**RECORDED INFORMATION**

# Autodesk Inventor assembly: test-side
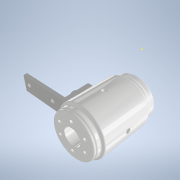
[picture p0: Inventor's stored thumbnail of the model, 180x180]
Saved by Autodesk Inventor 2020.1 (Build 241239000, 239)
## iProperties
Created: 2019-11-06
Part Number: test-side
Document SubType Name: Assembly
Designer: njk024
Author: njk024
## Documents named in this file (4)
- K:\OneDrive\Projects\Smart-Water-Quality-Sensor\Smart-Water-Quality-Sensor\mechanical\design\test-side.iam
- K:\OneDrive\Projects\Smart-Water-Quality-Sensor\Smart-Water-Quality-Sensor\mechanical\design\inside.ipt
- K:\OneDrive\Projects\Smart-Water-Quality-Sensor\Smart-Water-Quality-Sensor\mechanical\design\side-mounts-for-floater.ipt
- K:\OneDrive\Projects\Smart-Water-Quality-Sensor\Smart-Water-Quality-Sensor\mechanical\design\inside-mount.ipt
## Components (3 placed, 3 different names)
1. inside:1 — Mate:1, Mate:3, Mate:4
2. side-mounts-for-floater:1 — Mate:1
3. inside-mount:1 — Mate:3, Mate:4
## Relationships (3: Mate 3)
- Mate:1: inside:1 ↔ side-mounts-for-floater:1
- Mate:3: inside:1 ↔ inside-mount:1
- Mate:4: inside:1 ↔ inside-mount:1
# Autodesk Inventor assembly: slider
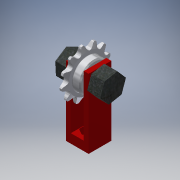
[picture p0: Inventor's stored thumbnail of the model, 180x180]
Saved by Autodesk Inventor 2016 (Build 200138000, 138)
## iProperties
Created: 2016-01-17
Part Number: slider
Document SubType Name: Assembly
Designer: gus
Mass: 90.937 g
Surface Area: 129.496 cm^2
Volume: 23.2302 cm^3
Density: 3.91459 g/cm^3
Author: gus
## Documents named in this file (5)
- \\Mac\Home\Desktop\2016 robot cad\chassis\chain tensioner\slider.iam
- \\Mac\Home\Desktop\2016 robot cad\chassis\chain tensioner\217-2662-STEP-20140807.ipt
- \\Mac\Home\Desktop\2016 robot cad\chassis\chain tensioner\half-inch hex nut.ipt
- \\Mac\Home\Desktop\2016 robot cad\chassis\chain tensioner\short half-inch hex bolt.ipt
- \\Mac\Home\Desktop\2016 robot cad\chassis\chain tensioner\silider shaft.ipt
## Components (4 placed, 4 different names)
1. 217-2662-STEP-20140807:1 — Rotational:3
2. half-inch hex nut:1 — Rotational:2
3. short half-inch hex bolt:1 — Rotational:1
4. silider shaft:1 — Rotational:1, Rotational:2, Rotational:3
## Relationships (3: RevoluteJoint 3)
- Rotational:1 [RevoluteJoint]: short half-inch hex bolt:1 ↔ silider shaft:1
- Rotational:2 [RevoluteJoint]: half-inch hex nut:1 ↔ silider shaft:1
- Rotational:3 [RevoluteJoint]: 217-2662-STEP-20140807:1 ↔ silider shaft:1
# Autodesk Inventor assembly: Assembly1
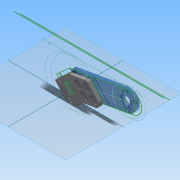
[picture p0: Inventor's stored thumbnail of the model, 180x180]
Saved by Autodesk Inventor 2014 SP2 (Build 180246200, 246)
## iProperties
Created: 2014-05-16
Part Number: Assembly1
Document SubType Name: Assembly
Designer: dliu
Author: dliu
## Documents named in this file (3)
- C:\Users\dliu\Dropbox\dbhome\electric-longboard\dliu\Mount\Mount.iam
- C:\Users\dliu\Dropbox\dbhome\electric-longboard\dliu\Mount\Motor Mount.ipt
- C:\Users\dliu\Dropbox\dbhome\electric-longboard\dliu\Mount\Truck Mount.ipt
## Components (2 placed, 2 different names)
1. Motor Mount:1 — Mate:4, Angle:1, Mate:5
2. Truck Mount:1 — Mate:1, Mate:2, Mate:3, Mate:4, Angle:1, Mate:5
## Relationships (6: Mate 5, Angle 1)
- Mate:1: Truck Mount:1
- Mate:2: Truck Mount:1
- Mate:3: Truck Mount:1
- Mate:4: Motor Mount:1 ↔ Truck Mount:1
- Angle:1 (0 deg): Motor Mount:1 ↔ Truck Mount:1
- Mate:5: Motor Mount:1 ↔ Truck Mount:1
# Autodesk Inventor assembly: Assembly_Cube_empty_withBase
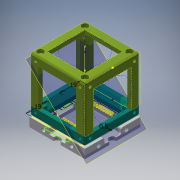
[picture p0: Inventor's stored thumbnail of the model, 180x180]
Saved by Autodesk Inventor 2019 (Build 230136000, 136)
## iProperties
Created: 2019-08-09
Part Number: Assembly_Cube_empty_withBase
Document SubType Name: Assembly
Designer: marsikovabarbora
Author: marsikovabarbora
## Documents named in this file (3)
- D:\Dropbox\UC2\02_CAD\INVENTOR\uc2_v2\Assembly_Cube_empty_withBase.iam
- D:\Dropbox\UC2\02_CAD\INVENTOR\uc2_v2\Assembly_Cube_empty_1x1_v2.iam
- D:\Dropbox\UC2\02_CAD\INVENTOR\uc2_v2\Assembly_Base_1x1_Magnets.iam
## Components (2 placed, 2 different names)
1. Assembly_Cube_empty_1x1_v2:1 [sub-assembly] — Mate:3, Angle:1, Mate:4
2. Assembly_Base_1x1_Magnets:1 [sub-assembly] — Mate:1, Mate:2, Mate:3, Angle:1, Mate:4, Angle:2
## Relationships (6: Mate 4, Angle 2)
- Mate:1: Assembly_Base_1x1_Magnets:1
- Mate:2: Assembly_Base_1x1_Magnets:1
- Mate:3: Assembly_Cube_empty_1x1_v2:1 ↔ Assembly_Base_1x1_Magnets:1
- Angle:1 (0 deg): Assembly_Cube_empty_1x1_v2:1 ↔ Assembly_Base_1x1_Magnets:1
- Mate:4 (1 mm): Assembly_Cube_empty_1x1_v2:1 ↔ Assembly_Base_1x1_Magnets:1
- Angle:2 (0 deg): Assembly_Base_1x1_Magnets:1
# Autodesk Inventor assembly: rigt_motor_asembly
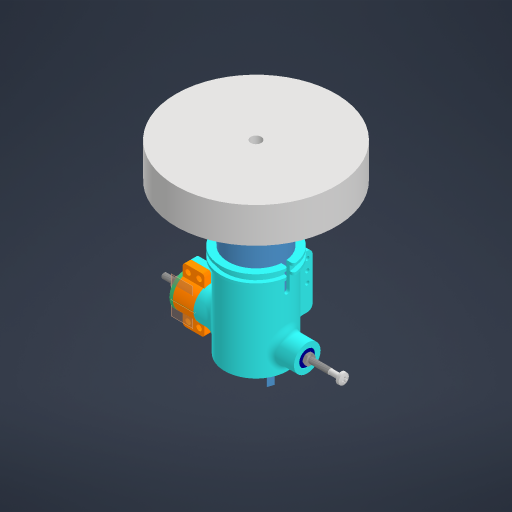
[picture p0: Inventor's stored thumbnail of the model, 512x512]
Saved by Autodesk Inventor 2024 (Build 280153000, 153)
## iProperties
Created: 2023-05-14
Part Number: rigt_motor_asembly
Document SubType Name: Assembly
Designer: user
Author: user
## Documents named in this file (9)
- D:\Docs\Robot\3d\motor_assembly\left_motor_asembly.iam
- D:\Docs\Robot\3d\motor_assembly\bushing_assembly.iam
- D:\Docs\Robot\3d\default_components\motor.ipt
- D:\Docs\Robot\3d\default_components\wheel.ipt
- D:\Docs\Robot\3d\default_components\604zz_bearing.ipt
- C:\Users\user\Documents\Inventor\Content Center Files\R2024\ru-RU\DIN 934\DIN 934 - M4 x 0,7.ipt
- D:\Docs\Robot\3d\motor_assembly\default_motor_asembly\cup.ipt
- D:\Docs\Robot\3d\motor_assembly\left_motor_asembly\lower_arm.ipt
- C:\Users\user\Documents\Inventor\Content Center Files\R2024\ru-RU\DIN 7985 (H)\DIN 7985 (H) - M4x30-H.ipt
## Components (8 placed, 8 different names)
1. lower_arm:2 — Вставка:11, Вставка:12, Вставка:13, Вставка:14, Вставка:15
2. bushing_assembly:2 [sub-assembly] — Вставка:14
3. motor:1 — Вставка:4, Вставка:11
4. wheel:1 — Вставка:4
5. 604zz_bearing:1 — Вставка:8, Вставка:15, Вставка:16
6. DIN 934 - заменено на DIN EN 24032/28673/28674 M4:1 — Вставка:8
7. cup:1 — Вставка:12, Вставка:13
8. DIN 7985 (H) M4x30-H:1 — Вставка:16
## Relationships (12: Insert 8, Mate 4)
- [Mate]: lower_arm:2
- [Mate]: lower_arm:2
- [Mate]: lower_arm:2
- Вставка:4 [Insert]: motor:1 ↔ wheel:1
- [Mate]: lower_arm:2
- Вставка:8 [Insert]: 604zz_bearing:1 ↔ DIN 934 - заменено на DIN EN 24032/28673/28674 M4:1
- Вставка:11 [Insert]: lower_arm:2 ↔ motor:1
- Вставка:12 [Insert]: lower_arm:2 ↔ cup:1
- Вставка:13 [Insert]: lower_arm:2 ↔ cup:1
- Вставка:14 [Insert]: lower_arm:2 ↔ bushing_assembly:2
- Вставка:15 [Insert]: lower_arm:2 ↔ 604zz_bearing:1
- Вставка:16 [Insert]: 604zz_bearing:1 ↔ DIN 7985 (H) M4x30-H:1
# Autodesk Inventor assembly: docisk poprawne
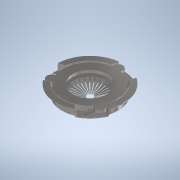
[picture p0: Inventor's stored thumbnail of the model, 180x180]
Saved by Autodesk Inventor 2022 (Build 260153000, 153)
## iProperties
Created: 2021-05-23
Part Number: docisk poprawne
Document SubType Name: Assembly
Designer: Matik
Author: Matik
## Documents named in this file (7)
- C:\Users\Mateu\Desktop\Modele\ClutchPressurePlate.iam
- C:\Users\Mateu\Desktop\Modele\ClutchPressurePlate_Casting.ipt
- C:\Users\Mateu\Desktop\Modele\ClutchPressurePlate_PlateSpring.ipt
- C:\Users\Mateu\Desktop\Modele\ClutchPressurePlate_TapeSpring.ipt
- C:\Users\Mateu\Desktop\Modele\ClutchPressurePlate_Cover.ipt
- C:\Users\Mateu\Desktop\Modele\ClutchPressurePlate_Rivet.ipt
- C:\Users\Mateu\Desktop\Modele\ClutchPressurePlate_RivetLong.ipt
## Components (12 placed, 6 different names)
1. ClutchPressurePlate_Casting:1 — Wstawiające:1, Wstawiające:2, Wstawiające:3, Wstawiające:4, Wstawiające:13
2. ClutchPressurePlate_PlateSpring:1 — Wstawiające:1
3. ClutchPressurePlate_TapeSpring:1 — Wstawiające:2, Wstawiające:6, Wstawiające:11
4. ClutchPressurePlate_TapeSpring:2 — Wstawiające:4, Wstawiające:7, Wstawiające:12
5. ClutchPressurePlate_TapeSpring:3 — Wstawiające:3, Wstawiające:5
6. ClutchPressurePlate_Cover:1 — Wstawiające:5, Wstawiające:6, Wstawiające:7, Wstawiające:8, Wstawiające:9, Wstawiające:10
7. ClutchPressurePlate_Rivet:1 — Wstawiające:8
8. ClutchPressurePlate_Rivet:2 — Wstawiające:9
9. ClutchPressurePlate_Rivet:3 — Wstawiające:10
10. ClutchPressurePlate_RivetLong:1 — Wstawiające:11
11. ClutchPressurePlate_RivetLong:2 — Wstawiające:13
12. ClutchPressurePlate_RivetLong:3 — Wstawiające:12
## Relationships (13: Insert 13)
- Wstawiające:1 [Insert]: ClutchPressurePlate_Casting:1 ↔ ClutchPressurePlate_PlateSpring:1
- Wstawiające:2 [Insert]: ClutchPressurePlate_Casting:1 ↔ ClutchPressurePlate_TapeSpring:1
- Wstawiające:3 [Insert]: ClutchPressurePlate_Casting:1 ↔ ClutchPressurePlate_TapeSpring:3
- Wstawiające:4 [Insert]: ClutchPressurePlate_Casting:1 ↔ ClutchPressurePlate_TapeSpring:2
- Wstawiające:5 [Insert]: ClutchPressurePlate_TapeSpring:3 ↔ ClutchPressurePlate_Cover:1
- Wstawiające:6 [Insert]: ClutchPressurePlate_TapeSpring:1 ↔ ClutchPressurePlate_Cover:1
- Wstawiające:7 [Insert]: ClutchPressurePlate_TapeSpring:2 ↔ ClutchPressurePlate_Cover:1
- Wstawiające:8 [Insert]: ClutchPressurePlate_Cover:1 ↔ ClutchPressurePlate_Rivet:1
- Wstawiające:9 [Insert]: ClutchPressurePlate_Cover:1 ↔ ClutchPressurePlate_Rivet:2
- Wstawiające:10 [Insert]: ClutchPressurePlate_Cover:1 ↔ ClutchPressurePlate_Rivet:3
- Wstawiające:11 [Insert]: ClutchPressurePlate_TapeSpring:1 ↔ ClutchPressurePlate_RivetLong:1
- Wstawiające:12 [Insert]: ClutchPressurePlate_TapeSpring:2 ↔ ClutchPressurePlate_RivetLong:3
- Wstawiające:13 [Insert]: ClutchPressurePlate_Casting:1 ↔ ClutchPressurePlate_RivetLong:2

**THE PROBLEM**
The required output is an exact copy of the lines from the start of the material above through the line containing "half-inch hex bolt.ipt", inclusive, with no pictures in it.

**ANSWER SECTION**
# Autodesk Inventor assembly: test-side
[picture p0: Inventor's stored thumbnail of the model, 180x180]
Saved by Autodesk Inventor 2020.1 (Build 241239000, 239)
## iProperties
Created: 2019-11-06
Part Number: test-side
Document SubType Name: Assembly
Designer: njk024
Author: njk024
## Documents named in this file (4)
- K:\OneDrive\Projects\Smart-Water-Quality-Sensor\Smart-Water-Quality-Sensor\mechanical\design\test-side.iam
- K:\OneDrive\Projects\Smart-Water-Quality-Sensor\Smart-Water-Quality-Sensor\mechanical\design\inside.ipt
- K:\OneDrive\Projects\Smart-Water-Quality-Sensor\Smart-Water-Quality-Sensor\mechanical\design\side-mounts-for-floater.ipt
- K:\OneDrive\Projects\Smart-Water-Quality-Sensor\Smart-Water-Quality-Sensor\mechanical\design\inside-mount.ipt
## Components (3 placed, 3 different names)
1. inside:1 — Mate:1, Mate:3, Mate:4
2. side-mounts-for-floater:1 — Mate:1
3. inside-mount:1 — Mate:3, Mate:4
## Relationships (3: Mate 3)
- Mate:1: inside:1 ↔ side-mounts-for-floater:1
- Mate:3: inside:1 ↔ inside-mount:1
- Mate:4: inside:1 ↔ inside-mount:1
# Autodesk Inventor assembly: slider
[picture p0: Inventor's stored thumbnail of the model, 180x180]
Saved by Autodesk Inventor 2016 (Build 200138000, 138)
## iProperties
Created: 2016-01-17
Part Number: slider
Document SubType Name: Assembly
Designer: gus
Mass: 90.937 g
Surface Area: 129.496 cm^2
Volume: 23.2302 cm^3
Density: 3.91459 g/cm^3
Author: gus
## Documents named in this file (5)
- \\Mac\Home\Desktop\2016 robot cad\chassis\chain tensioner\slider.iam
- \\Mac\Home\Desktop\2016 robot cad\chassis\chain tensioner\217-2662-STEP-20140807.ipt
- \\Mac\Home\Desktop\2016 robot cad\chassis\chain tensioner\half-inch hex nut.ipt
- \\Mac\Home\Desktop\2016 robot cad\chassis\chain tensioner\short half-inch hex bolt.ipt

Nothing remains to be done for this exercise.